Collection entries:
═══
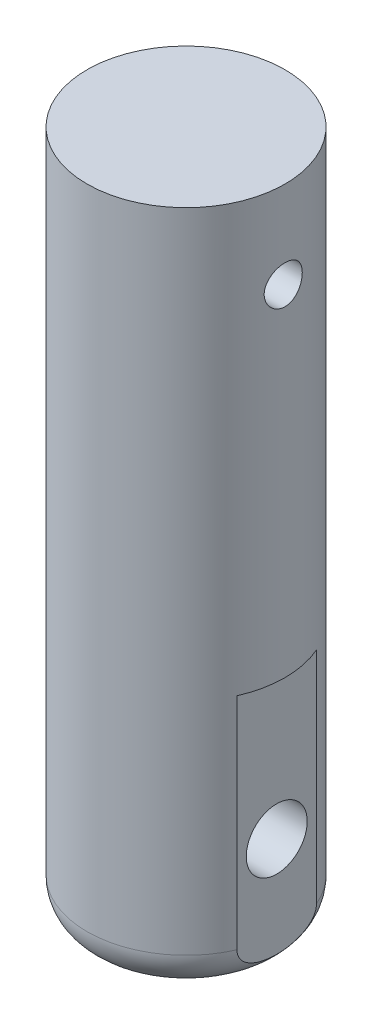
from build123d import *

# Parameters (mm, degrees)
SKETCH_1_R          = 13
EXTRUDE_1_DEPTH     = 90
FILLET_1_R          = 5
SKETCH_3_R          = 4
CUT_EXTRUDE_2_DEPTH = 20
SKETCH_4_W          = 5.638292822
SKETCH_4_H          = 34.801876381
CUT_EXTRUDE_3_DEPTH = 22.5
SKETCH_5_R          = 2.5
CUT_EXTRUDE_1_DEPTH = 55


with BuildPart() as part:
    # Эскиз1 → Вытянуть1 (new body)
    with BuildSketch(Plane(origin=(0, 0, 0), x_dir=(1, 0, 0), z_dir=(0, 1, 0))):
        with Locations(Location((0.959256222, 0, 0), (0, 0, 90))):
            Circle(SKETCH_1_R)
    extrude(amount=EXTRUDE_1_DEPTH)

    # Скругление1
    fillet_1_edges = [part.edges().sort_by_distance(p)[0] for p in [
        (0.959256222, 0, 13),
    ]]
    fillet(fillet_1_edges, radius=FILLET_1_R)

    # Эскиз3 → Вытянуть2 (cut, symmetric)
    with BuildSketch(Plane(origin=(0, 0, 0), x_dir=(0, 0, -1), z_dir=(1, 0, 0))):
        with Locations((0, 15)):
            Circle(SKETCH_3_R)
    extrude(amount=CUT_EXTRUDE_2_DEPTH, both=True, mode=Mode.SUBTRACT)

    # Эскиз4 → Вытянуть3 (cut, symmetric)
    with BuildSketch(Plane.XY):
        with Locations((-13.576502311, 16.48112444)):
            Rectangle(SKETCH_4_W, SKETCH_4_H)
        with Locations((15.684293194, 16.48112444)):
            Rectangle(SKETCH_4_W, SKETCH_4_H)
    extrude(amount=CUT_EXTRUDE_3_DEPTH, both=True, mode=Mode.SUBTRACT)

    # Эскиз5 → Вырез-Вытянуть1 (cut, symmetric)
    with BuildSketch(Plane(origin=(0, 0, 0), x_dir=(0, 0, -1), z_dir=(1, 0, 0))):
        with Locations((9.34e-07, 78.55964506)):
            Circle(SKETCH_5_R)
    extrude(amount=CUT_EXTRUDE_1_DEPTH, both=True, mode=Mode.SUBTRACT)


solid = part.part
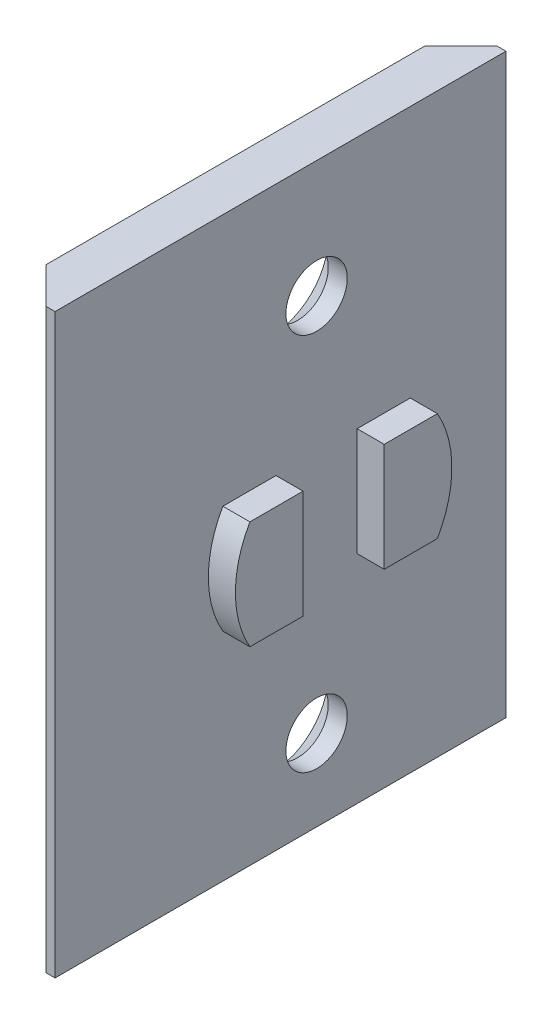
from build123d import *

# Parameters (mm, degrees)
SKETCH_1_W                 = 25
SKETCH_1_H                 = 32
EXTRUDE_1_DEPTH            = 2.5
CHAMFER_1_SIZE             = 2
HOLE_WIZARD_M31_AT_2_COUNT = 2
HOLE_WIZARD_M31_AT_2_PITCH = 21
SKETCH_4_R                 = 6
EXTRUDE_2_DEPTH            = 1.5
SKETCH_5_W                 = 4.5
SKETCH_5_H                 = 16
CUT_EXTRUDE_1_DEPTH        = 1.5
CUT_EXTRUDE_START          = -1.5
CUT_EXTRUDE_2_DEPTH        = 1.5


with BuildPart() as part:
    # Эскиз1 → Бобышка-Вытянуть1 (new body)
    with BuildSketch(Plane(origin=(0, 0, 0), x_dir=(0, 0, -1), z_dir=(1, 0, 0))):
        Rectangle(SKETCH_1_W, SKETCH_1_H)
    extrude(amount=EXTRUDE_1_DEPTH)

    # Фаска1
    chamfer_1_edges = [part.edges().sort_by_distance(p)[0] for p in [
        (0, 0, 12.5),
        (0, 0, -12.5),
    ]]
    chamfer(chamfer_1_edges, length=CHAMFER_1_SIZE)

    # Эскиз3 → Зенковка для  винта с плоской головкой M31 (revolve, cut)
    with BuildSketch(Plane(origin=(0, -11.5, -2), x_dir=(0, 0, 1), z_dir=(0, 1, 0))):
        Polygon((0, 0), (0, 2.5), (1.7, 2.5), (1.7, 1.45), (3.15, 0), align=None)
    hole_wizard_m31 = revolve(axis=Axis((-6.35, -11.5, -2), (1, 0, 0)), mode=Mode.SUBTRACT)

    # Зенковка для  винта с плоской головкой M31 at 2: Зенковка для  винта с плоской головкой M31 ×2
    with Locations(*[(0, i * HOLE_WIZARD_M31_AT_2_PITCH, 0) for i in range(1, HOLE_WIZARD_M31_AT_2_COUNT)]):
        add(hole_wizard_m31, mode=Mode.SUBTRACT)

    # Эскиз4 → Бобышка-Вытянуть2 (add)
    with BuildSketch(Plane(origin=(2.5, 0, 0), x_dir=(0, 0, -1), z_dir=(1, 0, 0))):
        with Locations(Location((2, -1, 0), (0, 0, 180))):
            Circle(SKETCH_4_R)
        with BuildLine():
            Line((-0.25, 1.7), (-0.227105745, 1.7))
            ThreePointArc((-0.227105745, 1.7), (2, 2.5), (4.227105745, 1.7))
            Line((4.227105745, 1.7), (4.25, 1.7))
            Line((4.25, 1.7), (4.25, -3.7))
            Line((4.25, -3.7), (4.227105745, -3.7))
            ThreePointArc((4.227105745, -3.7), (2, -4.5), (-0.227105745, -3.7))
            Line((-0.227105745, -3.7), (-0.25, -3.7))
            Line((-0.25, -3.7), (-0.25, 1.7))
        make_face(mode=Mode.SUBTRACT)
    extrude(amount=EXTRUDE_2_DEPTH)

    # Эскиз5 → Вырез-Вытянуть1 (cut)
    with BuildSketch(Plane(origin=(4, 0, 0), x_dir=(0, 0, -1), z_dir=(1, 0, 0))):
        with Locations((2, -1)):
            Rectangle(SKETCH_5_W, SKETCH_5_H)
    extrude(amount=-CUT_EXTRUDE_1_DEPTH, mode=Mode.SUBTRACT)

    # Эскиз6 → Вырез-Вытянуть2 (cut)
    with BuildSketch(Plane(origin=(4, 0, 0), x_dir=(0, 0, -1), z_dir=(1, 0, 0)).offset(CUT_EXTRUDE_START)):
        with BuildLine():
            ThreePointArc((4.25, 4.562148865), (0.047794779, 4.67352578), (-3.196152423, 2))
            Line((-3.196152423, 2), (4.25, 2))
            Line((4.25, 2), (4.25, 4.562148865))
        make_face()
        with BuildLine():
            Line((4.25, 4.562148865), (4.25, 2))
            Line((4.25, 2), (7.196152423, 2))
            ThreePointArc((7.196152423, 2), (5.937314844, 3.527422205), (4.25, 4.562148865))
        make_face()
        with BuildLine():
            Line((4.25, -4), (-3.196152423, -4))
            ThreePointArc((-3.196152423, -4), (0.047794779, -6.67352578), (4.25, -6.562148865))
            Line((4.25, -6.562148865), (4.25, -4))
        make_face()
        with BuildLine():
            Line((7.196152423, -4), (4.25, -4))
            Line((4.25, -4), (4.25, -6.562148865))
            ThreePointArc((4.25, -6.562148865), (5.937314844, -5.527422205), (7.196152423, -4))
        make_face()
    extrude(amount=CUT_EXTRUDE_2_DEPTH, mode=Mode.SUBTRACT)


solid = part.part
═══
What you are asked to do >> Whenever the string "symmetric" turns up in a line above, copy that line out.

Written response >>
    # Эскиз3 → Вытянуть2 (cut, symmetric)
    # Эскиз4 → Вытянуть3 (cut, symmetric)
    # Эскиз5 → Вырез-Вытянуть1 (cut, symmetric)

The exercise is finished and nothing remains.